Editorial. Portugal e Espanha: histórias comparadas
Texto integral
1Independentemente das disposições individuais ou colectivas, políticas e culturais, ora de aproximação ora de antagonismo (mesmo conflito) entre os dois países ibéricos – que se poderiam sintetizar na dualidade iberismo vs. nacionalismo – a verdade é que Portugal e Espanha têm uma história largamente partilhada, conectada, cruzada, paralela. Cada um destes termos tem uma carga historiográfica própria, que não é este o momento nem o lugar para discutir. Mas todos eles traduzem a ideia de dois percursos históricos que, embora autónomos, têm porventura mais semelhanças e pontos comuns do que diferenças. Veja-se o próprio processo inicial de construção territorial e política no quadro da denominada “Reconquista”; veja-se, depois, o impulso expansionista para fora da Europa e a construção de impérios ultramarinos; veja-se, mais tarde, o paralelismo das experiências de absolutismo reformista da segunda metade do século XVIII, ou a coincidência cronológica da implantação do liberalismo, com os seus avanços e recuos, e dos processos de independência das suas colónias americanas, na primeira metade de Oitocentos; veja-se, já no século XX, a longa vigência em paralelo dos dois regimes autoritários, a sua queda e a transição para a democracia nos anos 70 e até a entrada em simultâneo, no mesmo dia de Janeiro de 1986, na então CEE, hoje União Europeia. Se ao emparelhamento cronológico destes “grandes momentos” da história, sobretudo política, das duas nações ibéricas acrescentarmos a proximidade linguística e as semelhanças culturais, económicas e sociais que as ligam, torna-se evidente a necessidade de aprofundar a abordagem comparativa da sua história, em todas as épocas, em qualquer domínio.
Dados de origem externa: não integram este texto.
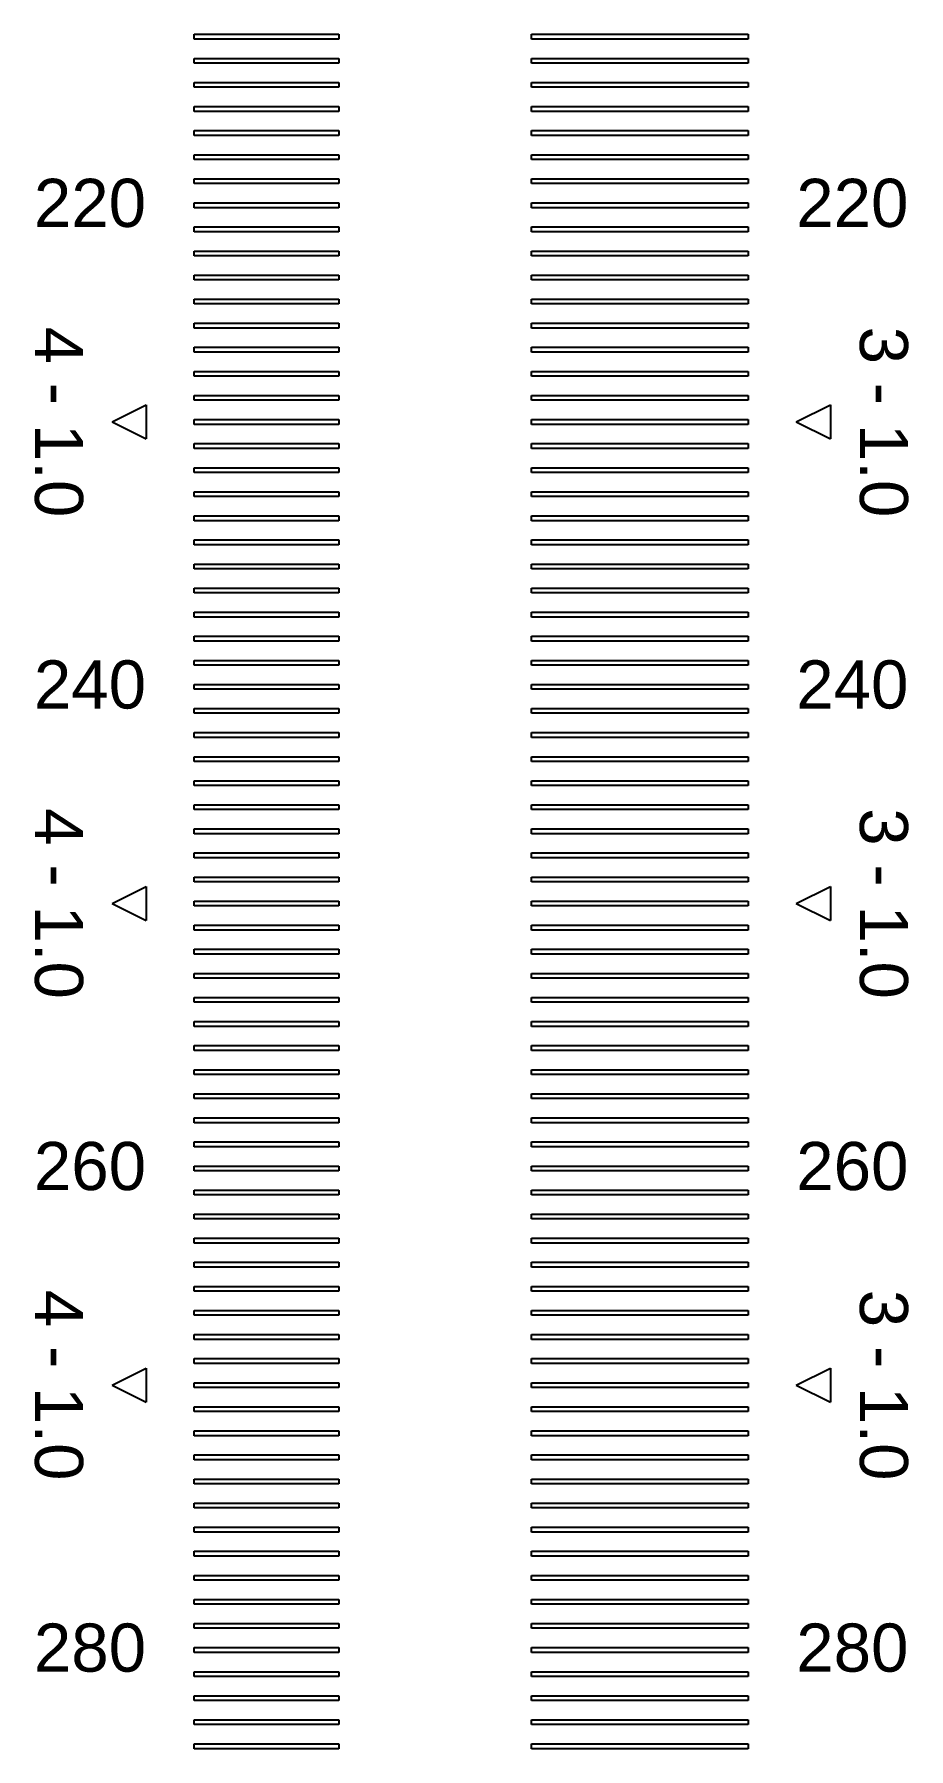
# Model space of a CAD drawing. Extents: x -24531 to 102469, y 86631 to 213631.
# Drawn here: x 53748.9 to 53930.5, y 146054.9 to 146410.9 of the extents above; entities that cross this region are included whole.
import ezdxf

# ---------------------------------------------------------------- set-up
doc = ezdxf.new("R2010")
doc.units = 13
doc.layers.add('CL - Label-1', color=120, linetype='Continuous')
doc.layers.add('CL - Label-2', color=132, linetype='Continuous')
doc.layers.add('CL - Sub-Micro', color=7, linetype='Continuous', true_color=0x47d1ff)
doc.styles.get("Standard").update_dxf_attribs({"font": 'arial.ttf'})

msp = doc.modelspace()

# ---------------------------------------------------------------- linework, layer by layer
at = {"layer": 'CL - Label-2'}
for p, q in [((53765.04, 146330.41), (53772.14, 146333.95)), ((53772.14, 146333.95), (53772.14, 146326.88)), ((53907.12, 146330.41), (53914.21, 146333.95)), ((53914.21, 146333.95), (53914.21, 146326.88)), ((53765.04, 146330.41), (53772.14, 146326.88)), ((53907.12, 146330.41), (53914.21, 146326.88)), ((53765.04, 146230.41), (53772.14, 146233.95)), ((53772.14, 146233.95), (53772.14, 146226.88)), ((53907.12, 146230.41), (53914.21, 146233.95)), ((53914.21, 146233.95), (53914.21, 146226.88)), ((53765.04, 146230.41), (53772.14, 146226.88)), ((53907.12, 146230.41), (53914.21, 146226.88)), ((53765.04, 146130.41), (53772.14, 146133.95)), ((53772.14, 146133.95), (53772.14, 146126.88)), ((53907.12, 146130.41), (53914.21, 146133.95)), ((53914.21, 146133.95), (53914.21, 146126.88)), ((53765.04, 146130.41), (53772.14, 146126.88)), ((53907.12, 146130.41), (53914.21, 146126.88))]:
    msp.add_line(p, q, dxfattribs=at)
at = {"layer": 'CL - Sub-Micro'}
for p, q in [((53782.12, 146409.91), (53782.12, 146410.91)), ((53782.12, 146410.91), (53812.12, 146410.91)), ((53812.12, 146409.91), (53782.12, 146409.91)), ((53812.12, 146410.91), (53812.12, 146409.91)), ((53852.12, 146409.91), (53852.12, 146410.91)), ((53852.12, 146410.91), (53897.12, 146410.91)), ((53897.12, 146409.91), (53852.12, 146409.91)), ((53897.12, 146410.91), (53897.12, 146409.91)), ((53782.12, 146404.91), (53782.12, 146405.91)), ((53782.12, 146405.91), (53812.12, 146405.91)), ((53812.12, 146405.91), (53812.12, 146404.91)), ((53852.12, 146404.91), (53852.12, 146405.91)), ((53852.12, 146405.91), (53897.12, 146405.91)), ((53897.12, 146405.91), (53897.12, 146404.91)), ((53812.12, 146404.91), (53782.12, 146404.91)), ((53897.12, 146404.91), (53852.12, 146404.91)), ((53782.12, 146399.91), (53782.12, 146400.91)), ((53782.12, 146400.91), (53812.12, 146400.91)), ((53812.12, 146399.91), (53782.12, 146399.91)), ((53812.12, 146400.91), (53812.12, 146399.91)), ((53852.12, 146399.91), (53852.12, 146400.91)), ((53852.12, 146400.91), (53897.12, 146400.91)), ((53897.12, 146399.91), (53852.12, 146399.91)), ((53897.12, 146400.91), (53897.12, 146399.91)), ((53782.12, 146394.91), (53782.12, 146395.91)), ((53782.12, 146395.91), (53812.12, 146395.91)), ((53812.12, 146394.91), (53782.12, 146394.91)), ((53812.12, 146395.91), (53812.12, 146394.91)), ((53852.12, 146394.91), (53852.12, 146395.91)), ((53852.12, 146395.91), (53897.12, 146395.91)), ((53897.12, 146394.91), (53852.12, 146394.91)), ((53897.12, 146395.91), (53897.12, 146394.91)), ((53782.12, 146389.91), (53782.12, 146390.91)), ((53782.12, 146390.91), (53812.12, 146390.91)), ((53812.12, 146390.91), (53812.12, 146389.91)), ((53852.12, 146389.91), (53852.12, 146390.91)), ((53852.12, 146390.91), (53897.12, 146390.91)), ((53897.12, 146390.91), (53897.12, 146389.91)), ((53812.12, 146389.91), (53782.12, 146389.91)), ((53897.12, 146389.91), (53852.12, 146389.91)), ((53782.12, 146384.91), (53782.12, 146385.91)), ((53782.12, 146385.91), (53812.12, 146385.91)), ((53812.12, 146384.91), (53782.12, 146384.91)), ((53812.12, 146385.91), (53812.12, 146384.91)), ((53852.12, 146384.91), (53852.12, 146385.91)), ((53852.12, 146385.91), (53897.12, 146385.91)), ((53897.12, 146384.91), (53852.12, 146384.91)), ((53897.12, 146385.91), (53897.12, 146384.91)), ((53782.12, 146379.91), (53782.12, 146380.91)), ((53782.12, 146380.91), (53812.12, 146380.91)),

2Vem tudo isto a propósito do título genérico que escolhemos para este número – Portugal e Espanha: histórias comparadas. Nele sobressai, com efeito, um conjunto de trabalhos que assumem explicitamente esse propósito comparativo. É o caso, desde logo, do dossier de abertura, organizado por Ana Bela Morais e dedicado à censura ao cinema no tempo dos regimes autoritários nas suas diferentes fases. É o caso também do artigo de Alfonso Iglesias, que compara o modo como as guerras coloniais africanas foram tratadas no plano do discurso e das políticas de memória dos dois regimes. Para uma comparação mais alargada, e que poderá servir de enquadramento a estes vários artigos, veja-se o ensaio interpretativo de Juan Carlos Jiménez sobre aquilo que aproximava e que distinguia as ditaduras de Franco e de Salazar.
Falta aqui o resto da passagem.